- [Directions] Take the lines from the beginning of the data below through the line holding "matlab function libbha_kinetic_cc/lib_kinm_ext" and return exactly those.

Collection entries:
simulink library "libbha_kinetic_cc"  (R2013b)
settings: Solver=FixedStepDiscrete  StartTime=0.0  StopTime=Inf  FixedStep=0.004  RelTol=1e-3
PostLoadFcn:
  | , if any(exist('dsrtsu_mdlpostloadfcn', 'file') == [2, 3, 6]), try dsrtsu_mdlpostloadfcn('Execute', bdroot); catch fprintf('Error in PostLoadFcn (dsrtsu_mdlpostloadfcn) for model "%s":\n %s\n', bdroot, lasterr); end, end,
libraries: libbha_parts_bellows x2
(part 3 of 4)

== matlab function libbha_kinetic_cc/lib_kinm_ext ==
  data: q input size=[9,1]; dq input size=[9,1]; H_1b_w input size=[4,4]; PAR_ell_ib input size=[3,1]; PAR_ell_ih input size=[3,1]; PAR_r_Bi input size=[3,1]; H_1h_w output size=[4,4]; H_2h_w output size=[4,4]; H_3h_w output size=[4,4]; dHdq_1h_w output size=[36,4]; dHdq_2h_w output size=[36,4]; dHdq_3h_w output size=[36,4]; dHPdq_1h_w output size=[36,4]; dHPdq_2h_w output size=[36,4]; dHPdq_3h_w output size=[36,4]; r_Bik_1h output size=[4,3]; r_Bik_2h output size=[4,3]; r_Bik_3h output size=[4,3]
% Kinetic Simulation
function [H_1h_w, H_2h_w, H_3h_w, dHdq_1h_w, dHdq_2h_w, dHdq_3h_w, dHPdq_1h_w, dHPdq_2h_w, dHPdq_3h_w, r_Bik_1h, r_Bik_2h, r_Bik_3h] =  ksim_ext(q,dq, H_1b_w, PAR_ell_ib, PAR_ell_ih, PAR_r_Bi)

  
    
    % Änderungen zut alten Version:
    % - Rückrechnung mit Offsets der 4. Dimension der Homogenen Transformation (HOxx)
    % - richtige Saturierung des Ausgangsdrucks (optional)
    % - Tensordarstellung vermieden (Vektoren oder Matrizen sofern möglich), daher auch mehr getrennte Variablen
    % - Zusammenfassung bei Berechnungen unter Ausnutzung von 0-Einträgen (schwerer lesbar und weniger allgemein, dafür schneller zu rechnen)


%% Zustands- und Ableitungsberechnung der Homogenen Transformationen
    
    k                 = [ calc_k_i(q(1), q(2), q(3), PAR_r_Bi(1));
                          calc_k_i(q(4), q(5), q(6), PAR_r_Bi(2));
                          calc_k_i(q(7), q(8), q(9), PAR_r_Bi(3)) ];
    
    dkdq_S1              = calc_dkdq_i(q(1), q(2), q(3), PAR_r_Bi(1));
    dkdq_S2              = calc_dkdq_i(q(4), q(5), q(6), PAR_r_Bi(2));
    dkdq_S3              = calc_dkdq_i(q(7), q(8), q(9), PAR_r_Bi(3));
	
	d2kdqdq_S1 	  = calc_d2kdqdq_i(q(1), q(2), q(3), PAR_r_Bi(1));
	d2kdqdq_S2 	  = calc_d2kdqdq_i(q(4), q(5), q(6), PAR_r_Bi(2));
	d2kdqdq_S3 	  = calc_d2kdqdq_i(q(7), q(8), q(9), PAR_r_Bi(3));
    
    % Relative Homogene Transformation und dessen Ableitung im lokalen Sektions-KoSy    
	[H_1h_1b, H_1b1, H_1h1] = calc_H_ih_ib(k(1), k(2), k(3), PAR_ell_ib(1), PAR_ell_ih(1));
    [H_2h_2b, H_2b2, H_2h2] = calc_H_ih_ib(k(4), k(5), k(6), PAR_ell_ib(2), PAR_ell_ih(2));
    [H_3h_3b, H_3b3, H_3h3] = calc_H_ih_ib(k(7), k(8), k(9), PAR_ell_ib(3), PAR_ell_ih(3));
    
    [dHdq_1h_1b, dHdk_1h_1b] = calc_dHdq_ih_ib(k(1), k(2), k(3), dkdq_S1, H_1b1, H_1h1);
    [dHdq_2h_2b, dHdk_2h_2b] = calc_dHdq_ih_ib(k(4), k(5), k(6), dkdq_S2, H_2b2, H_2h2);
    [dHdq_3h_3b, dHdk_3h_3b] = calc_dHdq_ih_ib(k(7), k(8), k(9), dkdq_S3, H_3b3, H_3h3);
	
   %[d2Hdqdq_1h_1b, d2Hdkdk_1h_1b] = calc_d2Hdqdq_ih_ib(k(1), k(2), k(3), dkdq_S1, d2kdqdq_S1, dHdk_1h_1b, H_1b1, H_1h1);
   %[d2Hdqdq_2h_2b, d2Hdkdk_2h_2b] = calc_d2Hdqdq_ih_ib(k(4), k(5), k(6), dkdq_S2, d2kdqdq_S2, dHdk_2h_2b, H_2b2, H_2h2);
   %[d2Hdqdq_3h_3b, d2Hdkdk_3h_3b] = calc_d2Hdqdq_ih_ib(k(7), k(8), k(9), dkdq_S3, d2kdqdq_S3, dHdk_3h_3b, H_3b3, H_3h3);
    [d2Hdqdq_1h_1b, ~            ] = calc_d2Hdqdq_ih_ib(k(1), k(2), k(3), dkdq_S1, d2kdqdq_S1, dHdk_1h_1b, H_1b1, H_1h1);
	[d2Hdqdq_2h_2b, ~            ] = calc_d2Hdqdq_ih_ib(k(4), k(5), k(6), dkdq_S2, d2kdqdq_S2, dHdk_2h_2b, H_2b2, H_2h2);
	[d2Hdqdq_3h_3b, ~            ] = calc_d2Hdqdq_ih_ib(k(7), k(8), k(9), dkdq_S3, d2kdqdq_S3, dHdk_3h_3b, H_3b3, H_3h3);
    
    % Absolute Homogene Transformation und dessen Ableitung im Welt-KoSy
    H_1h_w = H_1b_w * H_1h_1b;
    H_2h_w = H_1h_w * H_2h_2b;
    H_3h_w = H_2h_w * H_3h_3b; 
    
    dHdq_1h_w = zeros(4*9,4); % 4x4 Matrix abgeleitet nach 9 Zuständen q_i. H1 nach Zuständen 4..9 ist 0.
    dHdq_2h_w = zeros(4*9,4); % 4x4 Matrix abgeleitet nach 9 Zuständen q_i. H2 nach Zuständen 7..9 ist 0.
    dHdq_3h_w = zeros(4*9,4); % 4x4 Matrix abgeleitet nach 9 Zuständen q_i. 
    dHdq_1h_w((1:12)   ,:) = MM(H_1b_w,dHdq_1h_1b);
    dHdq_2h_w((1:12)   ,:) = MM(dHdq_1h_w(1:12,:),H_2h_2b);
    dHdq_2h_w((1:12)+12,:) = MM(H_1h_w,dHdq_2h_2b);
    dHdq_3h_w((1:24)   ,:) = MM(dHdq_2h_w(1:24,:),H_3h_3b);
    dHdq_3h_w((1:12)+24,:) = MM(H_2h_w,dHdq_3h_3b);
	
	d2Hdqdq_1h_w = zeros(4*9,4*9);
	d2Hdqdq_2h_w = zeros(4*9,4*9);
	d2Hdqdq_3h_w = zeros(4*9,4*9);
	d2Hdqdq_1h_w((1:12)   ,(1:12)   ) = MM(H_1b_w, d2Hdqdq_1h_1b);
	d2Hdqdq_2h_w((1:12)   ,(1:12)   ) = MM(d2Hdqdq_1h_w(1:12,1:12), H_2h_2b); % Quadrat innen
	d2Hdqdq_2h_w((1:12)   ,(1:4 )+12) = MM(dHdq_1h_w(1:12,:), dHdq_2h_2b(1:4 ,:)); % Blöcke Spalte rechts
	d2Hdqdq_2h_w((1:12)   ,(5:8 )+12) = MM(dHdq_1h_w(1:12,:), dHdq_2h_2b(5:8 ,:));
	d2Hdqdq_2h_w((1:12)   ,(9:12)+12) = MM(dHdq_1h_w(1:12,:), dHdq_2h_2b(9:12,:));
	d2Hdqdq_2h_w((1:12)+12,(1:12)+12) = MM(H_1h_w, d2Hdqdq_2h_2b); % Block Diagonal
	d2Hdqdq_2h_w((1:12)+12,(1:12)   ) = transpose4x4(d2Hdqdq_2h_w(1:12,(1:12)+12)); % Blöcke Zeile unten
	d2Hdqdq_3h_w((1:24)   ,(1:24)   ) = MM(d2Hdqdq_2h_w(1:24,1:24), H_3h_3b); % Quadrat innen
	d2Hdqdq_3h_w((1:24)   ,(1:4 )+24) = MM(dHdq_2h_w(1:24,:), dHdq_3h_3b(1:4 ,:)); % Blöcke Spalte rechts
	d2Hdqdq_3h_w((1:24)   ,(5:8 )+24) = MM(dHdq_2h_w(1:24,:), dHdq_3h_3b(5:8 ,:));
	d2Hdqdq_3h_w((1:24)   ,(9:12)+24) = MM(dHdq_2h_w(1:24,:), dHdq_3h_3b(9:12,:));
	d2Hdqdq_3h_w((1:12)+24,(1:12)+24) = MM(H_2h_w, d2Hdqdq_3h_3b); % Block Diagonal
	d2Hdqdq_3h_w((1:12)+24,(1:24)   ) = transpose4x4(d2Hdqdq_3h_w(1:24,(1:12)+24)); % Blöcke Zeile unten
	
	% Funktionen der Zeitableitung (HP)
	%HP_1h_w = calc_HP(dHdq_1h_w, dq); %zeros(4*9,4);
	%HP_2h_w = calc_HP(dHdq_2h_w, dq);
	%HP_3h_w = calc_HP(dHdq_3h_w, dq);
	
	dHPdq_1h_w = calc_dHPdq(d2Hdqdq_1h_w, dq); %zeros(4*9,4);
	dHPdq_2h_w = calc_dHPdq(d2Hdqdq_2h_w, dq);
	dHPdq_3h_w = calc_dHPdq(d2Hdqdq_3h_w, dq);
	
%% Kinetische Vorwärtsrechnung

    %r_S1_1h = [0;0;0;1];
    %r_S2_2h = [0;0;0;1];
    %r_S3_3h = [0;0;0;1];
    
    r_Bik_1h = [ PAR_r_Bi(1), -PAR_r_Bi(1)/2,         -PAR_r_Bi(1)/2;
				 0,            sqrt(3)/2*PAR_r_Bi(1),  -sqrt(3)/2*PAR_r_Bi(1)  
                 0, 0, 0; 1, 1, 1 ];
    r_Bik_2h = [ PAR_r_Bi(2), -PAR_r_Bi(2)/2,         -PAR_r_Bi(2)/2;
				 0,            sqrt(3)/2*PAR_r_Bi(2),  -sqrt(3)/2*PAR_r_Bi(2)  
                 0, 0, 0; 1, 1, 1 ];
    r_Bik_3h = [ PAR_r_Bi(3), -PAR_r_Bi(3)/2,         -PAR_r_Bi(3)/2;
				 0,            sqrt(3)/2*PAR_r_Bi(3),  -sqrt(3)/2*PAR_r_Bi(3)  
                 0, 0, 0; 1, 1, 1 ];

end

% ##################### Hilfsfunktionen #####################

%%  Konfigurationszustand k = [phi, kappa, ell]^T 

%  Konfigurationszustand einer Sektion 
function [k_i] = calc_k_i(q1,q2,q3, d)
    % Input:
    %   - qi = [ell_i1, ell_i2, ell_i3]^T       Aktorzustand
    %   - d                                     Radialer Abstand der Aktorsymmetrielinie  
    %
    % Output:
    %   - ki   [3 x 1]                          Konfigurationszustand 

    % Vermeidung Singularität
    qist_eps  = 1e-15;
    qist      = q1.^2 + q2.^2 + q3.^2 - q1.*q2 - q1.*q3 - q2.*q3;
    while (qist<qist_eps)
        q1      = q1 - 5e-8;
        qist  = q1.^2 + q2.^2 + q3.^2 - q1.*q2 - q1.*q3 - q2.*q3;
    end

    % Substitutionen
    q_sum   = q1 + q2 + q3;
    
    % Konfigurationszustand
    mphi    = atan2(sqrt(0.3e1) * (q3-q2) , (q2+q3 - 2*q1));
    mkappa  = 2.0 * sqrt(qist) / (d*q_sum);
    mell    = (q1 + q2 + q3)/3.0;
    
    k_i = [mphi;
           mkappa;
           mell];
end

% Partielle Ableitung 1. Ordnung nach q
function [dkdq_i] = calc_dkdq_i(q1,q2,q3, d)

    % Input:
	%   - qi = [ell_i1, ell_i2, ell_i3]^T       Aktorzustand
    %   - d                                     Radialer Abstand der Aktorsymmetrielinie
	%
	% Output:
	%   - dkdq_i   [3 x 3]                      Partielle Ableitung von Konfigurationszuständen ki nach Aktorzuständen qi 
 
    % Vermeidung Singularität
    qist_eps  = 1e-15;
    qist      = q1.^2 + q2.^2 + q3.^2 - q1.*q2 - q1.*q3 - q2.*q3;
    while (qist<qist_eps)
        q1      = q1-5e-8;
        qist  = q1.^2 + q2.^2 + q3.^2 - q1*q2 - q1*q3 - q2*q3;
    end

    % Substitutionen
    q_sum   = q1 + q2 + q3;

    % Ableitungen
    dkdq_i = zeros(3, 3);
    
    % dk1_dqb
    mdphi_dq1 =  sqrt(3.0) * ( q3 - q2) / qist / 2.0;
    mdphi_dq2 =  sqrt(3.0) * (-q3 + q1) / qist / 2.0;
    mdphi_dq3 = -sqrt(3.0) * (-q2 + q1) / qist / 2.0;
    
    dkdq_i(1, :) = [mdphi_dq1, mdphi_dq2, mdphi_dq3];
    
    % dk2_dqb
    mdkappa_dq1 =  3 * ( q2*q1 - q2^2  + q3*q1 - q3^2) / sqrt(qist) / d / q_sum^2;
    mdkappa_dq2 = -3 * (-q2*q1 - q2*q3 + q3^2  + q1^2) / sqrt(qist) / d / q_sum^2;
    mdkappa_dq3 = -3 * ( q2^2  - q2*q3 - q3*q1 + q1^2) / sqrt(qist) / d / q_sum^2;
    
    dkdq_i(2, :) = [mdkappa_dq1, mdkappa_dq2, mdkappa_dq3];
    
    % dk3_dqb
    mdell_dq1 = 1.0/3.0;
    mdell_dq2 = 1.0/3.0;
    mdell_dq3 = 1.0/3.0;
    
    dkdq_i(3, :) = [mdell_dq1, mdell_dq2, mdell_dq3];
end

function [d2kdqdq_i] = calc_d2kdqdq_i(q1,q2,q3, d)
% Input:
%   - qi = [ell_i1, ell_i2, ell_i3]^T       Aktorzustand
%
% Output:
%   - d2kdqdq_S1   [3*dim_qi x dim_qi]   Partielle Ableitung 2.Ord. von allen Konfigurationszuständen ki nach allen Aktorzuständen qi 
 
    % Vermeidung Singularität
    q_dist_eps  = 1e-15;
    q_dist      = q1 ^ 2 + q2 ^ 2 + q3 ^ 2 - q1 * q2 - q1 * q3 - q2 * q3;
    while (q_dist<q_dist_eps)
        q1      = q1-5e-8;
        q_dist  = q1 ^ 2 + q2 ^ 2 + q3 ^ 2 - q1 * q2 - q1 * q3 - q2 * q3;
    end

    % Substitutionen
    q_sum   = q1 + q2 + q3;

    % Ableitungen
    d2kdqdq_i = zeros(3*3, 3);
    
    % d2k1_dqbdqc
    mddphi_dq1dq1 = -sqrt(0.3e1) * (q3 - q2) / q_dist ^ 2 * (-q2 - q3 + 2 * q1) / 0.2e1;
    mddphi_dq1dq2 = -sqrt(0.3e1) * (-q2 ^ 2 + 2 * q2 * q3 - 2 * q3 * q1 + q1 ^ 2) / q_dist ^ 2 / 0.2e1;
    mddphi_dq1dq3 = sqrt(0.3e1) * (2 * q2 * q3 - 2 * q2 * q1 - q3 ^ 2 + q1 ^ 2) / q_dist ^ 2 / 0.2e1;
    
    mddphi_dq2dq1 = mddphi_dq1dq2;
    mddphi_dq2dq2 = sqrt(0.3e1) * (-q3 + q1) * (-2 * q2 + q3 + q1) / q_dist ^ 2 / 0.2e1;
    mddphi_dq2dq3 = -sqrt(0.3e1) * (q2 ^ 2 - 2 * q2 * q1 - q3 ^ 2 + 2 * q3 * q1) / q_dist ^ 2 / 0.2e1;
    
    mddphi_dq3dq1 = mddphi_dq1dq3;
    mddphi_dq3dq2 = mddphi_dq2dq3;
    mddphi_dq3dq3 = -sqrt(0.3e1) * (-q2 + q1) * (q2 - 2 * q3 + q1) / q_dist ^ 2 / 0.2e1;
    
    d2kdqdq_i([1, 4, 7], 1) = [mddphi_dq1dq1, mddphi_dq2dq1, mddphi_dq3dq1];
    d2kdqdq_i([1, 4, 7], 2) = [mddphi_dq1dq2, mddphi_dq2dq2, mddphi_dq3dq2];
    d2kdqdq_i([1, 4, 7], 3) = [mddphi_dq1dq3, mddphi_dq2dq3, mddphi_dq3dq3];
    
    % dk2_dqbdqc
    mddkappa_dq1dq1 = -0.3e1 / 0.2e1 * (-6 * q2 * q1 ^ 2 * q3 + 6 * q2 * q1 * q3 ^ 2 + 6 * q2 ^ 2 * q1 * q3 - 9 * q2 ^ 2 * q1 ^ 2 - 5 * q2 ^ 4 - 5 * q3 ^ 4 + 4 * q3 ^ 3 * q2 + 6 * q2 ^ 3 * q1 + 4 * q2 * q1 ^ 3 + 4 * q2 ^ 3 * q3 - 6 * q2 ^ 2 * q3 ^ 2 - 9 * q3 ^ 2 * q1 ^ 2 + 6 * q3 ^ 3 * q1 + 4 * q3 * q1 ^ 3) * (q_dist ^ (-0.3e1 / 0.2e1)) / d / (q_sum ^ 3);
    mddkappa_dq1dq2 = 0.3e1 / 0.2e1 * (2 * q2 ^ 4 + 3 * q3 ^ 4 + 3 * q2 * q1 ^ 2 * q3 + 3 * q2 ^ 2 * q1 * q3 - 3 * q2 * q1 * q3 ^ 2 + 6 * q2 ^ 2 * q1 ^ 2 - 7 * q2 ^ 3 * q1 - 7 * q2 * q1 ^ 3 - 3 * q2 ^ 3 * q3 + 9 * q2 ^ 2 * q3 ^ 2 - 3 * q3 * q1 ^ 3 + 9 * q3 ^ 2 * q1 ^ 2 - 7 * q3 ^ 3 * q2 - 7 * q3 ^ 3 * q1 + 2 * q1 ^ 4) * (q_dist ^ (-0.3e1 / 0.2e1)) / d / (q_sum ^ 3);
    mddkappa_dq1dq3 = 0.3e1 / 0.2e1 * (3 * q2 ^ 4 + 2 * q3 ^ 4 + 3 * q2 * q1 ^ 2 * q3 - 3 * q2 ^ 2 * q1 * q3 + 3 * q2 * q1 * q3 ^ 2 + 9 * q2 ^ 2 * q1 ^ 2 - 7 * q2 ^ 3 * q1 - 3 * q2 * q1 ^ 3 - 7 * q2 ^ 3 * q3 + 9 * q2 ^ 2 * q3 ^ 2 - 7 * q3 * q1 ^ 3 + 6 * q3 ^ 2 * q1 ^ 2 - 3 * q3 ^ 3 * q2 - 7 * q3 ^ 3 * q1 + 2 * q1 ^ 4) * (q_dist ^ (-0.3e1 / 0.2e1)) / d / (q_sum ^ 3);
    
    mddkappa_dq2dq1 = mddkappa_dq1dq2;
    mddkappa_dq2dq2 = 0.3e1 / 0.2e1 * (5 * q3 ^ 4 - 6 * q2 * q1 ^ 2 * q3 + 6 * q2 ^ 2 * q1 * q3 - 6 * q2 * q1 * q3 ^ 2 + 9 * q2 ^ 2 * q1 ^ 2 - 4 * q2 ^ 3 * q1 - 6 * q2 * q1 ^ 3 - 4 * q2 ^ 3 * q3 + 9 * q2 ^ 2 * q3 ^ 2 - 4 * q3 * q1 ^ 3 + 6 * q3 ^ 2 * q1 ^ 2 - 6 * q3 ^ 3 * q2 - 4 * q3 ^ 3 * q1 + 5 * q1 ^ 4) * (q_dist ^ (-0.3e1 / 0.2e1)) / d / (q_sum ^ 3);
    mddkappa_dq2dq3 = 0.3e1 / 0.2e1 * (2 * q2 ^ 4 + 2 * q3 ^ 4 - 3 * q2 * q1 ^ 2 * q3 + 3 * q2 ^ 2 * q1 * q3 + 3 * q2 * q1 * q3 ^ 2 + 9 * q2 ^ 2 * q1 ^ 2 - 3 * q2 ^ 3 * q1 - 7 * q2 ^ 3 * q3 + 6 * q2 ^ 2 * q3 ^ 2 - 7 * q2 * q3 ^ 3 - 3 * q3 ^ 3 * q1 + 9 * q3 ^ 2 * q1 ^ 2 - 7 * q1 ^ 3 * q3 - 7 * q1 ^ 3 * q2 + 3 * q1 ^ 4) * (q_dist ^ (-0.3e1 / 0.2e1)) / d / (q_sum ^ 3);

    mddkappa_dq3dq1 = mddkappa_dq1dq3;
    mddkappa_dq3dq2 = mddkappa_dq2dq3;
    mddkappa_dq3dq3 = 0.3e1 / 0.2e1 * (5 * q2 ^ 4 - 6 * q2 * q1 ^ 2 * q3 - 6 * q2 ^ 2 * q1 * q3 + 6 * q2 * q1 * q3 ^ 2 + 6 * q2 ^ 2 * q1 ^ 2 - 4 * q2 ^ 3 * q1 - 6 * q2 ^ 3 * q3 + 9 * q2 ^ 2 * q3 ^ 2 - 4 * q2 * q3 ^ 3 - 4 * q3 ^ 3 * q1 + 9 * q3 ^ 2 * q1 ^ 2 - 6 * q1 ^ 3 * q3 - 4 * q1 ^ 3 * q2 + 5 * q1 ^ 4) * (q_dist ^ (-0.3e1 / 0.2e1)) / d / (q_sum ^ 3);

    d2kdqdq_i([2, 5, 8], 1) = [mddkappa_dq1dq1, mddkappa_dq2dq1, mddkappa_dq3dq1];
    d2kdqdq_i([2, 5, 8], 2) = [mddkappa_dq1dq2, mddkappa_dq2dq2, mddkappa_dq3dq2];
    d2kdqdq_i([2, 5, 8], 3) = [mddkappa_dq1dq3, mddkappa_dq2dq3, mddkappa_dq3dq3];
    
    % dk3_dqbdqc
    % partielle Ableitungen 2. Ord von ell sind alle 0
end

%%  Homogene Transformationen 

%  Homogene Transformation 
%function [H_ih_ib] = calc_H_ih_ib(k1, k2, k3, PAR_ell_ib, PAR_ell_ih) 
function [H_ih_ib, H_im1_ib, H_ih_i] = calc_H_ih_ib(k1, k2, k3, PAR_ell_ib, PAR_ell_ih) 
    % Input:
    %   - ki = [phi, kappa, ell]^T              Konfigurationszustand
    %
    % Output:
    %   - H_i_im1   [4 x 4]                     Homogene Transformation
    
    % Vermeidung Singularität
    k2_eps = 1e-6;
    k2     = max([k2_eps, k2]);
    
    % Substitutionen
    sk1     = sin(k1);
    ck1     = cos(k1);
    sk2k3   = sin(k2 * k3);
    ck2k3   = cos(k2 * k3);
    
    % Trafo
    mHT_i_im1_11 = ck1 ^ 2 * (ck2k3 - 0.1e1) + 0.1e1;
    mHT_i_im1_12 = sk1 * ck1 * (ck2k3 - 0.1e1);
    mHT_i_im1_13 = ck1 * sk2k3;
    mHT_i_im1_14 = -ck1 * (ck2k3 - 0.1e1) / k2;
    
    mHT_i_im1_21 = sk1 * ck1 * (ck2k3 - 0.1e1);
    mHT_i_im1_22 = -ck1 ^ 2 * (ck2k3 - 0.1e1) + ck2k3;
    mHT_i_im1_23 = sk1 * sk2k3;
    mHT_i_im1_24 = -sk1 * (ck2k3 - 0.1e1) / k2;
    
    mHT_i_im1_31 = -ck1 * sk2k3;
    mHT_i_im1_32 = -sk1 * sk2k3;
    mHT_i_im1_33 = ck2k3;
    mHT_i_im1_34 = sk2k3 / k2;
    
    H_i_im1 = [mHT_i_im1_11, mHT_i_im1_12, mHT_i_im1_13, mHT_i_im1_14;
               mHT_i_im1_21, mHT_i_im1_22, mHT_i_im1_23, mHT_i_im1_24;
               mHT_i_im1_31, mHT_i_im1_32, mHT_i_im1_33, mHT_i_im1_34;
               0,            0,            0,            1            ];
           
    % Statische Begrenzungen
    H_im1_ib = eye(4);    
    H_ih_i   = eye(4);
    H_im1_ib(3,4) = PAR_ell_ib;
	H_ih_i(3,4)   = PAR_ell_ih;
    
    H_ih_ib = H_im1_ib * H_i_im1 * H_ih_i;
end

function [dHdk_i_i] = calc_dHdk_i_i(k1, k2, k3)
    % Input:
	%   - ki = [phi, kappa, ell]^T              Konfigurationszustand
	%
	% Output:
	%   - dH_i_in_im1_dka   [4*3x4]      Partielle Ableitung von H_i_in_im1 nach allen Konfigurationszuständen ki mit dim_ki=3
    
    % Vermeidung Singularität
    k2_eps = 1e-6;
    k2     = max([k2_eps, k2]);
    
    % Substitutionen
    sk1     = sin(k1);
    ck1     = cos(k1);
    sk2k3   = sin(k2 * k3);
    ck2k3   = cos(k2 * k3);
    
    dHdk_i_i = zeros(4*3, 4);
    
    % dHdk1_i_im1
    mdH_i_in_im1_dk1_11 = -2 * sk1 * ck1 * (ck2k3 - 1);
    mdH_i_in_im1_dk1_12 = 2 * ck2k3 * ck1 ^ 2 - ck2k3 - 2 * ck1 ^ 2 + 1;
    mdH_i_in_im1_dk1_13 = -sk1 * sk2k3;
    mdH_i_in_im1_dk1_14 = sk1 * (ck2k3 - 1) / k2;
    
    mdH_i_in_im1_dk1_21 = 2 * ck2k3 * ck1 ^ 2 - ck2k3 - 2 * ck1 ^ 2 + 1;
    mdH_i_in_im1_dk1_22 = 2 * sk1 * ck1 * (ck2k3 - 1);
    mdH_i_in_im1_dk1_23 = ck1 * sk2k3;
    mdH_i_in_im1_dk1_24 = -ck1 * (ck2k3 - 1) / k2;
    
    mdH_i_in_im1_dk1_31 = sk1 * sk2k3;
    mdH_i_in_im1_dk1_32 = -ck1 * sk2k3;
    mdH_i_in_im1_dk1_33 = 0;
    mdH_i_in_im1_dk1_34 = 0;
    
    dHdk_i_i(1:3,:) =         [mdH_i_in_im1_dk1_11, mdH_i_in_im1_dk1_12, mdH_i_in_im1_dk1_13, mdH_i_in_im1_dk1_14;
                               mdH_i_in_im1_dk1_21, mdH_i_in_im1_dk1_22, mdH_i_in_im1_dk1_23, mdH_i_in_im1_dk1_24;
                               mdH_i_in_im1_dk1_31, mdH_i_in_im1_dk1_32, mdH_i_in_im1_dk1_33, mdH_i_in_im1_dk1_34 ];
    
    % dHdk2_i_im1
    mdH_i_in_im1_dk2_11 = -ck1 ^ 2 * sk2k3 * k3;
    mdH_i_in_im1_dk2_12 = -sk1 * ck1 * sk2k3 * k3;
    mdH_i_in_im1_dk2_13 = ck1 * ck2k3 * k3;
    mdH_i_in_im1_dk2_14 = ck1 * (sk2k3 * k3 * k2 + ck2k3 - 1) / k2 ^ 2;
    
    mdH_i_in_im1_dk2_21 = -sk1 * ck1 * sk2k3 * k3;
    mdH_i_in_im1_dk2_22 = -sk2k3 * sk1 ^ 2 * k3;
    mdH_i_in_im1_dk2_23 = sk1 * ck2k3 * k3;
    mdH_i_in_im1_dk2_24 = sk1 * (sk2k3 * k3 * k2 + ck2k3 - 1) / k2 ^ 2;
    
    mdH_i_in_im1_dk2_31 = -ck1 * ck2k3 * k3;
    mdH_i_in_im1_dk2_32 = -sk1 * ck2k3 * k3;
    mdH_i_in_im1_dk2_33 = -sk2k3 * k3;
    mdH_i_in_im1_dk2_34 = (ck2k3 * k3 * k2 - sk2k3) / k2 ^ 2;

- [Solution below]
simulink library "libbha_kinetic_cc"  (R2013b)
settings: Solver=FixedStepDiscrete  StartTime=0.0  StopTime=Inf  FixedStep=0.004  RelTol=1e-3
PostLoadFcn:
  | , if any(exist('dsrtsu_mdlpostloadfcn', 'file') == [2, 3, 6]), try dsrtsu_mdlpostloadfcn('Execute', bdroot); catch fprintf('Error in PostLoadFcn (dsrtsu_mdlpostloadfcn) for model "%s":\n %s\n', bdroot, lasterr); end, end,
libraries: libbha_parts_bellows x2
(part 3 of 4)

== matlab function libbha_kinetic_cc/lib_kinm_ext ==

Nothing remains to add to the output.